Results: Analysis of kinetic binding data supported a single class of PAF receptor. Binding of 3H-PAF to membrane preparations was selectively displaced by PAF and a nonhydrolyzable analogue of guanine triphosphate (Gpp[NH]p) and by lyso-PAF (a biologically inactive analogue of PAF) to a lesser extent. Among other PAF receptor antagonists, 14-deoxyandrographolide and WEB 2086 were the most effective in inhibiting 3H-PAF binding sites in neutrophil membranes; 2 lignans, schisandrin-A and gamma-schisandrin were also effective, but 2 gingkolides (BN52020 and BN52021) only mildly inhibited 3H-PAF binding. Results of RT-PCR assay and western blot analysis of neutrophil crude membranes confirmed the presence of a PAF receptor.
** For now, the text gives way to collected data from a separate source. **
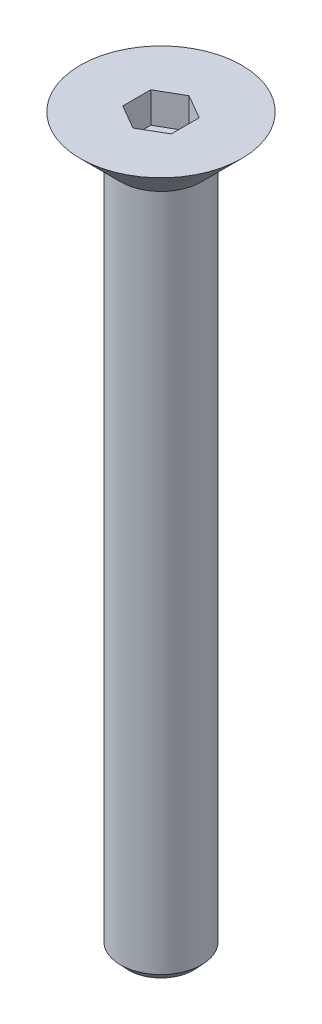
ISO-10303-21;
HEADER;
FILE_DESCRIPTION(('STEP AP214'),'2;1');
FILE_NAME('part.step','',(''),(''),'','','');
FILE_SCHEMA(('AUTOMOTIVE_DESIGN { 1 0 10303 214 1 1 1 1 }'));
ENDSEC;
DATA;
#1=APPLICATION_CONTEXT('core data for automotive mechanical design processes');
#2=APPLICATION_PROTOCOL_DEFINITION('international standard','automotive_design',2000,#1);
#3=PRODUCT_CONTEXT('',#1,'mechanical');
#4=PRODUCT('Part','Part','',(#3));
#5=PRODUCT_RELATED_PRODUCT_CATEGORY('part','',(#4));
#6=PRODUCT_DEFINITION_FORMATION('','',#4);
#7=PRODUCT_DEFINITION_CONTEXT('part definition',#1,'design');
#8=PRODUCT_DEFINITION('design','',#6,#7);
#9=PRODUCT_DEFINITION_SHAPE('','',#8);
#10=(LENGTH_UNIT() NAMED_UNIT(*) SI_UNIT(.MILLI.,.METRE.));
#11=(NAMED_UNIT(*) PLANE_ANGLE_UNIT() SI_UNIT($,.RADIAN.));
#12=(NAMED_UNIT(*) SI_UNIT($,.STERADIAN.) SOLID_ANGLE_UNIT());
#13=UNCERTAINTY_MEASURE_WITH_UNIT(LENGTH_MEASURE(1.E-05),#10,'distance_accuracy_value','');
#14=(GEOMETRIC_REPRESENTATION_CONTEXT(3) GLOBAL_UNCERTAINTY_ASSIGNED_CONTEXT((#13)) GLOBAL_UNIT_ASSIGNED_CONTEXT((#10,
#11,#12)) REPRESENTATION_CONTEXT('',''));
#15=CARTESIAN_POINT('',(0.,0.,0.));
#16=DIRECTION('',(0.,0.,1.));
#17=DIRECTION('',(1.,0.,0.));
#18=AXIS2_PLACEMENT_3D('',#15,#16,#17);
#19=CARTESIAN_POINT('',(-1.5,-1.90000000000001,0.866025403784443));
#20=DIRECTION('',(-1.,0.,0.));
#21=DIRECTION('',(0.,0.,1.));
#22=AXIS2_PLACEMENT_3D('',#19,#20,#21);
#23=PLANE('',#22);
#24=DIRECTION('',(0.,1.,0.));
#25=VECTOR('',#24,1.);
#26=CARTESIAN_POINT('',(-1.5,-1.90000000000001,0.866025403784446));
#27=LINE('',#26,#25);
#28=CARTESIAN_POINT('',(-1.5,0.,0.866025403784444));
#29=VERTEX_POINT('',#28);
#30=CARTESIAN_POINT('',(-1.5,-1.90000000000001,0.866025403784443));
#31=VERTEX_POINT('',#30);
#32=EDGE_CURVE('E83',#29,#31,#27,.F.);
#33=ORIENTED_EDGE('',*,*,#32,.T.);
#34=DIRECTION('',(0.,0.,1.));
#35=VECTOR('',#34,1.);
#36=CARTESIAN_POINT('',(-1.5,-1.90000000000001,0.866025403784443));
#37=LINE('',#36,#35);
#38=CARTESIAN_POINT('',(-1.5,-1.90000000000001,-0.866025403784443));
#39=VERTEX_POINT('',#38);
#40=EDGE_CURVE('E72',#39,#31,#37,.T.);
#41=ORIENTED_EDGE('',*,*,#40,.F.);
#42=DIRECTION('',(0.,1.,0.));
#43=VECTOR('',#42,1.);
#44=CARTESIAN_POINT('',(-1.5,-1.90000000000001,-0.866025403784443));
#45=LINE('',#44,#43);
#46=CARTESIAN_POINT('',(-1.5,0.,-0.866025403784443));
#47=VERTEX_POINT('',#46);
#48=EDGE_CURVE('E92',#39,#47,#45,.T.);
#49=ORIENTED_EDGE('',*,*,#48,.T.);
#50=DIRECTION('',(0.,0.,1.));
#51=VECTOR('',#50,1.);
#52=CARTESIAN_POINT('',(-1.5,0.,0.866025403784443));
#53=LINE('',#52,#51);
#54=EDGE_CURVE('E67',#29,#47,#53,.F.);
#55=ORIENTED_EDGE('',*,*,#54,.F.);
#56=EDGE_LOOP('',(#33,#41,#49,#55));
#57=FACE_BOUND('',#56,.T.);
#58=ADVANCED_FACE('F17',(#57),#23,.F.);
#59=CARTESIAN_POINT('',(0.,-1.90000000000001,1.73205080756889));
#60=DIRECTION('',(-0.5,0.,0.866025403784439));
#61=DIRECTION('',(0.866025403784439,0.,0.5));
#62=AXIS2_PLACEMENT_3D('',#59,#60,#61);
#63=PLANE('',#62);
#64=DIRECTION('',(0.,1.,0.));
#65=VECTOR('',#64,1.);
#66=CARTESIAN_POINT('',(0.,-1.90000000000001,1.73205080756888));
#67=LINE('',#66,#65);
#68=CARTESIAN_POINT('',(0.,0.,1.73205080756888));
#69=VERTEX_POINT('',#68);
#70=CARTESIAN_POINT('',(0.,-1.90000000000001,1.73205080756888));
#71=VERTEX_POINT('',#70);
#72=EDGE_CURVE('E88',#69,#71,#67,.F.);
#73=ORIENTED_EDGE('',*,*,#72,.T.);
#74=DIRECTION('',(0.866025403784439,0.,0.5));
#75=VECTOR('',#74,1.);
#76=CARTESIAN_POINT('',(0.,-1.90000000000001,1.73205080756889));
#77=LINE('',#76,#75);
#78=EDGE_CURVE('E76',#31,#71,#77,.T.);
#79=ORIENTED_EDGE('',*,*,#78,.F.);
#80=ORIENTED_EDGE('',*,*,#32,.F.);
#81=DIRECTION('',(0.866025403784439,0.,0.5));
#82=VECTOR('',#81,1.);
#83=CARTESIAN_POINT('',(0.,0.,1.73205080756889));
#84=LINE('',#83,#82);
#85=EDGE_CURVE('E90',#69,#29,#84,.F.);
#86=ORIENTED_EDGE('',*,*,#85,.F.);
#87=EDGE_LOOP('',(#73,#79,#80,#86));
#88=FACE_BOUND('',#87,.T.);
#89=ADVANCED_FACE('F86',(#88),#63,.F.);
#90=CARTESIAN_POINT('',(-1.5,-1.90000000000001,-0.866025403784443));
#91=DIRECTION('',(-0.5,0.,-0.866025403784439));
#92=DIRECTION('',(-0.866025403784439,0.,0.5));
#93=AXIS2_PLACEMENT_3D('',#90,#91,#92);
#94=PLANE('',#93);
#95=ORIENTED_EDGE('',*,*,#48,.F.);
#96=DIRECTION('',(0.866025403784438,0.,-0.500000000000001));
#97=VECTOR('',#96,1.);
#98=CARTESIAN_POINT('',(-1.5,-1.90000000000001,-0.866025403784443));
#99=LINE('',#98,#97);
#100=CARTESIAN_POINT('',(0.,-1.90000000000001,-1.73205080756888));
#101=VERTEX_POINT('',#100);
#102=EDGE_CURVE('E79',#39,#101,#99,.T.);
#103=ORIENTED_EDGE('',*,*,#102,.T.);
#104=DIRECTION('',(0.,1.,0.));
#105=VECTOR('',#104,1.);
#106=CARTESIAN_POINT('',(0.,-1.90000000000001,-1.73205080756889));
#107=LINE('',#106,#105);
#108=CARTESIAN_POINT('',(0.,0.,-1.73205080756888));
#109=VERTEX_POINT('',#108);
#110=EDGE_CURVE('E117',#101,#109,#107,.T.);
#111=ORIENTED_EDGE('',*,*,#110,.T.);
#112=DIRECTION('',(-0.866025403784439,0.,0.5));
#113=VECTOR('',#112,1.);
#114=CARTESIAN_POINT('',(-1.5,0.,-0.866025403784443));
#115=LINE('',#114,#113);
#116=EDGE_CURVE('E128',#47,#109,#115,.F.);
#117=ORIENTED_EDGE('',*,*,#116,.F.);
#118=EDGE_LOOP('',(#95,#103,#111,#117));
#119=FACE_BOUND('',#118,.T.);
#120=ADVANCED_FACE('F131',(#119),#94,.F.);
#121=CARTESIAN_POINT('',(1.5,-1.90000000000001,0.866025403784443));
#122=DIRECTION('',(0.5,0.,0.866025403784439));
#123=DIRECTION('',(0.866025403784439,0.,-0.5));
#124=AXIS2_PLACEMENT_3D('',#121,#122,#123);
#125=PLANE('',#124);
#126=DIRECTION('',(0.,1.,0.));
#127=VECTOR('',#126,1.);
#128=CARTESIAN_POINT('',(1.5,-1.90000000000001,0.866025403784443));
#129=LINE('',#128,#127);
#130=CARTESIAN_POINT('',(1.5,0.,0.866025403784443));
#131=VERTEX_POINT('',#130);
#132=CARTESIAN_POINT('',(1.5,-1.90000000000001,0.866025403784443));
#133=VERTEX_POINT('',#132);
#134=EDGE_CURVE('E114',#131,#133,#129,.F.);
#135=ORIENTED_EDGE('',*,*,#134,.T.);
#136=DIRECTION('',(-0.866025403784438,0.,0.500000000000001));
#137=VECTOR('',#136,1.);
#138=CARTESIAN_POINT('',(1.5,-1.90000000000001,0.866025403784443));
#139=LINE('',#138,#137);
#140=EDGE_CURVE('E122',#133,#71,#139,.T.);
#141=ORIENTED_EDGE('',*,*,#140,.T.);
#142=ORIENTED_EDGE('',*,*,#72,.F.);
#143=DIRECTION('',(0.866025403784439,0.,-0.5));
#144=VECTOR('',#143,1.);
#145=CARTESIAN_POINT('',(1.5,0.,0.866025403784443));
#146=LINE('',#145,#144);
#147=EDGE_CURVE('E125',#131,#69,#146,.F.);
#148=ORIENTED_EDGE('',*,*,#147,.F.);
#149=EDGE_LOOP('',(#135,#141,#142,#148));
#150=FACE_BOUND('',#149,.T.);
#151=ADVANCED_FACE('F136',(#150),#125,.F.);
#152=CARTESIAN_POINT('',(0.,-1.90000000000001,1.73205080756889));
#153=DIRECTION('',(0.,-1.,0.));
#154=DIRECTION('',(0.,0.,-1.));
#155=AXIS2_PLACEMENT_3D('',#152,#153,#154);
#156=PLANE('',#155);
#157=DIRECTION('',(0.,0.,-1.));
#158=VECTOR('',#157,1.);
#159=CARTESIAN_POINT('',(1.5,-1.90000000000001,-0.866025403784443));
#160=LINE('',#159,#158);
#161=CARTESIAN_POINT('',(1.5,-1.90000000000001,-0.866025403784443));
#162=VERTEX_POINT('',#161);
#163=EDGE_CURVE('E110',#133,#162,#160,.T.);
#164=ORIENTED_EDGE('',*,*,#163,.T.);
#165=DIRECTION('',(-0.866025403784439,0.,-0.5));
#166=VECTOR('',#165,1.);
#167=CARTESIAN_POINT('',(0.,-1.90000000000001,-1.73205080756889));
#168=LINE('',#167,#166);
#169=EDGE_CURVE('E120',#162,#101,#168,.T.);
#170=ORIENTED_EDGE('',*,*,#169,.T.);
#171=ORIENTED_EDGE('',*,*,#102,.F.);
#172=ORIENTED_EDGE('',*,*,#40,.T.);
#173=ORIENTED_EDGE('',*,*,#78,.T.);
#174=ORIENTED_EDGE('',*,*,#140,.F.);
#175=EDGE_LOOP('',(#164,#170,#171,#172,#173,#174));
#176=FACE_BOUND('',#175,.T.);
#177=ADVANCED_FACE('F73',(#176),#156,.F.);
#178=CARTESIAN_POINT('',(0.,-1.90000000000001,-1.73205080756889));
#179=DIRECTION('',(0.5,0.,-0.866025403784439));
#180=DIRECTION('',(-0.866025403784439,0.,-0.5));
#181=AXIS2_PLACEMENT_3D('',#178,#179,#180);
#182=PLANE('',#181);
#183=ORIENTED_EDGE('',*,*,#110,.F.);
#184=ORIENTED_EDGE('',*,*,#169,.F.);
#185=DIRECTION('',(0.,1.,0.));
#186=VECTOR('',#185,1.);
#187=CARTESIAN_POINT('',(1.5,-1.90000000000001,-0.866025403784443));
#188=LINE('',#187,#186);
#189=CARTESIAN_POINT('',(1.5,0.,-0.866025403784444));
#190=VERTEX_POINT('',#189);
#191=EDGE_CURVE('E106',#162,#190,#188,.T.);
#192=ORIENTED_EDGE('',*,*,#191,.T.);
#193=DIRECTION('',(-0.866025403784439,0.,-0.5));
#194=VECTOR('',#193,1.);
#195=CARTESIAN_POINT('',(0.,0.,-1.73205080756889));
#196=LINE('',#195,#194);
#197=EDGE_CURVE('E35',#109,#190,#196,.F.);
#198=ORIENTED_EDGE('',*,*,#197,.F.);
#199=EDGE_LOOP('',(#183,#184,#192,#198));
#200=FACE_BOUND('',#199,.T.);
#201=ADVANCED_FACE('F143',(#200),#182,.F.);
#202=CARTESIAN_POINT('',(1.5,-1.90000000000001,-0.866025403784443));
#203=DIRECTION('',(1.,0.,0.));
#204=DIRECTION('',(0.,0.,-1.));
#205=AXIS2_PLACEMENT_3D('',#202,#203,#204);
#206=PLANE('',#205);
#207=ORIENTED_EDGE('',*,*,#191,.F.);
#208=ORIENTED_EDGE('',*,*,#163,.F.);
#209=ORIENTED_EDGE('',*,*,#134,.F.);
#210=DIRECTION('',(0.,0.,1.));
#211=VECTOR('',#210,1.);
#212=CARTESIAN_POINT('',(1.5,0.,0.));
#213=LINE('',#212,#211);
#214=EDGE_CURVE('E103',#190,#131,#213,.T.);
#215=ORIENTED_EDGE('',*,*,#214,.F.);
#216=EDGE_LOOP('',(#207,#208,#209,#215));
#217=FACE_BOUND('',#216,.T.);
#218=ADVANCED_FACE('F141',(#217),#206,.F.);
#219=CARTESIAN_POINT('',(0.,-44.9999999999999,0.));
#220=DIRECTION('',(0.,1.,0.));
#221=DIRECTION('',(0.,0.,1.));
#222=AXIS2_PLACEMENT_3D('',#219,#220,#221);
#223=PLANE('',#222);
#224=CARTESIAN_POINT('',(0.,-44.9999999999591,0.));
#225=DIRECTION('',(0.,1.,0.));
#226=DIRECTION('',(0.,0.,1.));
#227=AXIS2_PLACEMENT_3D('',#224,#225,#226);
#228=CIRCLE('',#227,2.00000000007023);
#229=CARTESIAN_POINT('',(0.,-44.9999999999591,2.00000000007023));
#230=VERTEX_POINT('',#229);
#231=EDGE_CURVE('E20',#230,#230,#228,.T.);
#232=ORIENTED_EDGE('',*,*,#231,.F.);
#233=EDGE_LOOP('',(#232));
#234=FACE_BOUND('',#233,.T.);
#235=ADVANCED_FACE('F151',(#234),#223,.F.);
#236=CARTESIAN_POINT('',(0.,0.,0.));
#237=DIRECTION('',(0.,1.,0.));
#238=DIRECTION('',(0.,0.,1.));
#239=AXIS2_PLACEMENT_3D('',#236,#237,#238);
#240=PLANE('',#239);
#241=CARTESIAN_POINT('',(0.,5.6843418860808E-11,0.));
#242=DIRECTION('',(0.,1.,0.));
#243=DIRECTION('',(0.,0.,1.));
#244=AXIS2_PLACEMENT_3D('',#241,#242,#243);
#245=CIRCLE('',#244,4.99999999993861);
#246=CARTESIAN_POINT('',(0.,5.6843418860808E-11,4.99999999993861));
#247=VERTEX_POINT('',#246);
#248=EDGE_CURVE('E96',#247,#247,#245,.F.);
#249=ORIENTED_EDGE('',*,*,#248,.F.);
#250=EDGE_LOOP('',(#249));
#251=FACE_BOUND('',#250,.T.);
#252=ORIENTED_EDGE('',*,*,#197,.T.);
#253=ORIENTED_EDGE('',*,*,#214,.T.);
#254=ORIENTED_EDGE('',*,*,#147,.T.);
#255=ORIENTED_EDGE('',*,*,#85,.T.);
#256=ORIENTED_EDGE('',*,*,#54,.T.);
#257=ORIENTED_EDGE('',*,*,#116,.T.);
#258=EDGE_LOOP('',(#252,#253,#254,#255,#256,#257));
#259=FACE_BOUND('',#258,.T.);
#260=ADVANCED_FACE('F133',(#251,#259),#240,.T.);
#261=CARTESIAN_POINT('',(0.,-44.4638156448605,0.));
#262=DIRECTION('',(0.,1.,0.));
#263=DIRECTION('',(0.,0.,1.));
#264=AXIS2_PLACEMENT_3D('',#261,#262,#263);
#265=CONICAL_SURFACE('',#264,2.50000000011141,0.750491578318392);
#266=CARTESIAN_POINT('',(0.,-44.4638156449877,0.));
#267=DIRECTION('',(0.,1.,0.));
#268=DIRECTION('',(0.,0.,1.));
#269=AXIS2_PLACEMENT_3D('',#266,#267,#268);
#270=CIRCLE('',#269,2.5);
#271=CARTESIAN_POINT('',(0.,-44.4638156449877,2.5));
#272=VERTEX_POINT('',#271);
#273=EDGE_CURVE('E26',#272,#272,#270,.T.);
#274=ORIENTED_EDGE('',*,*,#273,.F.);
#275=EDGE_LOOP('',(#274));
#276=FACE_BOUND('',#275,.T.);
#277=ORIENTED_EDGE('',*,*,#231,.T.);
#278=EDGE_LOOP('',(#277));
#279=FACE_BOUND('',#278,.T.);
#280=ADVANCED_FACE('F162',(#276,#279),#265,.T.);
#281=CARTESIAN_POINT('',(0.,5.6843418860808E-11,0.));
#282=DIRECTION('',(0.,1.,0.));
#283=DIRECTION('',(0.,0.,1.));
#284=AXIS2_PLACEMENT_3D('',#281,#282,#283);
#285=CONICAL_SURFACE('',#284,4.99999999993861,0.78539816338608);
#286=ORIENTED_EDGE('',*,*,#248,.T.);
#287=EDGE_LOOP('',(#286));
#288=FACE_BOUND('',#287,.T.);
#289=CARTESIAN_POINT('',(0.,-2.49999999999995,0.));
#290=DIRECTION('',(0.,1.,0.));
#291=DIRECTION('',(0.,0.,1.));
#292=AXIS2_PLACEMENT_3D('',#289,#290,#291);
#293=CIRCLE('',#292,2.5);
#294=CARTESIAN_POINT('',(0.,-2.49999999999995,2.5));
#295=VERTEX_POINT('',#294);
#296=EDGE_CURVE('E11',#295,#295,#293,.F.);
#297=ORIENTED_EDGE('',*,*,#296,.F.);
#298=EDGE_LOOP('',(#297));
#299=FACE_BOUND('',#298,.T.);
#300=ADVANCED_FACE('F156',(#288,#299),#285,.T.);
#301=CARTESIAN_POINT('',(0.,-44.9999999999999,0.));
#302=DIRECTION('',(0.,1.,0.));
#303=DIRECTION('',(0.,0.,1.));
#304=AXIS2_PLACEMENT_3D('',#301,#302,#303);
#305=CYLINDRICAL_SURFACE('',#304,2.5);
#306=ORIENTED_EDGE('',*,*,#296,.T.);
#307=EDGE_LOOP('',(#306));
#308=FACE_BOUND('',#307,.T.);
#309=ORIENTED_EDGE('',*,*,#273,.T.);
#310=EDGE_LOOP('',(#309));
#311=FACE_BOUND('',#310,.T.);
#312=ADVANCED_FACE('F154',(#308,#311),#305,.T.);
#313=CLOSED_SHELL('',(#58,#89,#120,#151,#177,#201,#218,#235,#260,#280,#300,#312));
#314=MANIFOLD_SOLID_BREP('B1',#313);
#315=ADVANCED_BREP_SHAPE_REPRESENTATION('',(#18,#314),#14);
#316=SHAPE_DEFINITION_REPRESENTATION(#9,#315);
ENDSEC;
END-ISO-10303-21;

Conclusions and clinical relevance: Results indicated that bovine neutrophils express only 1 type of PAF receptor, and it is likely that this receptor is involved in inflammatory responses. The most effective PAF antagonists were 14-deoxyandrographolide and WEB 2086; these PAF antagonists may be potentially useful in the treatment of inflammatory processes in cattle.